Isolate every line in the records below with "simulink" in it.

Data in this exercise »

Content starts

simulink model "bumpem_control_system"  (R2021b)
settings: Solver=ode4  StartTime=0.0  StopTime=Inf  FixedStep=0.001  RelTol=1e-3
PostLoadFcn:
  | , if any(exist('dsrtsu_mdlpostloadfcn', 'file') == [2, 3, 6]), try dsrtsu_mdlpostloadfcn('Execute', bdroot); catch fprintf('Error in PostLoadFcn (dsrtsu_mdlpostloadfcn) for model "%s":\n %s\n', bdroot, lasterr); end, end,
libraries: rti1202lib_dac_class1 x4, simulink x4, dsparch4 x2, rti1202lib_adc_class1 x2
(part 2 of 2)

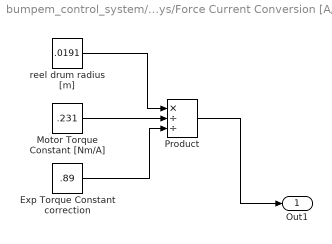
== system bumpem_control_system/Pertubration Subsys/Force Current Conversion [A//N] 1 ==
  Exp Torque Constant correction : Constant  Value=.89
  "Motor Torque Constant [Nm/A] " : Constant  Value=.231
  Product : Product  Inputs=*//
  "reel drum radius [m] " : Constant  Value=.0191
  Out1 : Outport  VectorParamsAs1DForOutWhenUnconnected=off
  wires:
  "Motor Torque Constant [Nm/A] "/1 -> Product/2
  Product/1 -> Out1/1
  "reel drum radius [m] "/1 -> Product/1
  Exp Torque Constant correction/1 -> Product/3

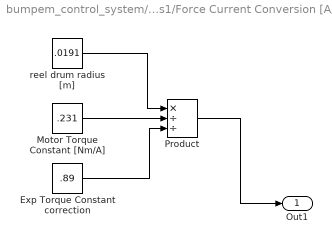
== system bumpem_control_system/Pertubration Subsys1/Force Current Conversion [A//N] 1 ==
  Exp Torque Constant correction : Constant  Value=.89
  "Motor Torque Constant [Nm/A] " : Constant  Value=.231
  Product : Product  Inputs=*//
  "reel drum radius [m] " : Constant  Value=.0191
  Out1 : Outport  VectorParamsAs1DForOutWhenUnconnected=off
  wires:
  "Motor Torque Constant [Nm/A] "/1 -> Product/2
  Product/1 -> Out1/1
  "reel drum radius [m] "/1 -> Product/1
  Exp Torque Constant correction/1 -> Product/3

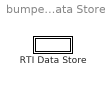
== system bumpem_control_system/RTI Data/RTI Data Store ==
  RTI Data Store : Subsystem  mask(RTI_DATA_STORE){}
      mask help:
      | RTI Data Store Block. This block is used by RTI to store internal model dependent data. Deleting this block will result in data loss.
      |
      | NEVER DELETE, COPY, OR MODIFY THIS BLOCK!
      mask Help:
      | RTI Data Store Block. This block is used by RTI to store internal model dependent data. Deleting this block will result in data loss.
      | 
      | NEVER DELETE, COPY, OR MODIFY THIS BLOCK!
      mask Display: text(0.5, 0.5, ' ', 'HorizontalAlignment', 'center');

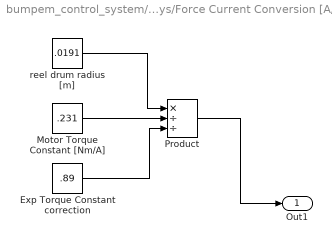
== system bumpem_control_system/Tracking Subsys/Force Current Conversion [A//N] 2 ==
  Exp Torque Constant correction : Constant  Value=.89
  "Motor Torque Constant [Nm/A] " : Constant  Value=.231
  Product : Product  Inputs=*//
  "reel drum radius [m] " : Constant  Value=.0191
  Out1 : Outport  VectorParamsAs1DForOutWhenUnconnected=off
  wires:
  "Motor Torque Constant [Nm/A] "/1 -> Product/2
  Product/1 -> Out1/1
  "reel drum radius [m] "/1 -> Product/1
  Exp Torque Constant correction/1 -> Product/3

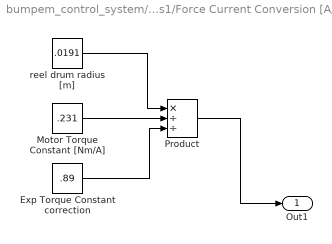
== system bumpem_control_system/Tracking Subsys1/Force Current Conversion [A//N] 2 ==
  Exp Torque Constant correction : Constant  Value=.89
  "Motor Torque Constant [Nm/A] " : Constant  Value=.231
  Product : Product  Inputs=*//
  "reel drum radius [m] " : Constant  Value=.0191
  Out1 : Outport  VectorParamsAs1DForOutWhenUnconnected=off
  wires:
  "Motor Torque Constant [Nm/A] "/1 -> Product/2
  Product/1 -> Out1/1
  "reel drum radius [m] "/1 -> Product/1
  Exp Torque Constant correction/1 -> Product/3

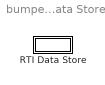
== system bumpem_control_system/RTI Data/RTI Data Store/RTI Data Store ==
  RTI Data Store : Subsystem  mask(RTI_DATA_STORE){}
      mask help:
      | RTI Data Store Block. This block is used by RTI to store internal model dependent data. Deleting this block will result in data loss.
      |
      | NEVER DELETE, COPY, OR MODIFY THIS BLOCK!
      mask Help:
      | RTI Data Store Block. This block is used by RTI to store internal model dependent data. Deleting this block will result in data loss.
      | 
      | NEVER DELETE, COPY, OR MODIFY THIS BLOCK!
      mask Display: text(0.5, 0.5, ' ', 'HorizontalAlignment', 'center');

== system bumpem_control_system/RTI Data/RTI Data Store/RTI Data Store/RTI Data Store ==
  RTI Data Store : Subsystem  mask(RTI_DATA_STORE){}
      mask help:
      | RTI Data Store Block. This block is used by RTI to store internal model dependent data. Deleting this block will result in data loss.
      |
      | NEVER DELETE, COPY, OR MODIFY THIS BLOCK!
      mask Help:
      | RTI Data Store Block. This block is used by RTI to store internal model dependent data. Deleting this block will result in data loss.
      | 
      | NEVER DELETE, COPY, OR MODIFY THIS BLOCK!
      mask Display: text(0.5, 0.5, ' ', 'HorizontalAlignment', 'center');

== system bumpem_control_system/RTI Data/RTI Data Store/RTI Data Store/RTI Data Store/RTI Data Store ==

Content ends

Task response »
simulink model "bumpem_control_system"  (R2021b)
libraries: rti1202lib_dac_class1 x4, simulink x4, dsparch4 x2, rti1202lib_adc_class1 x2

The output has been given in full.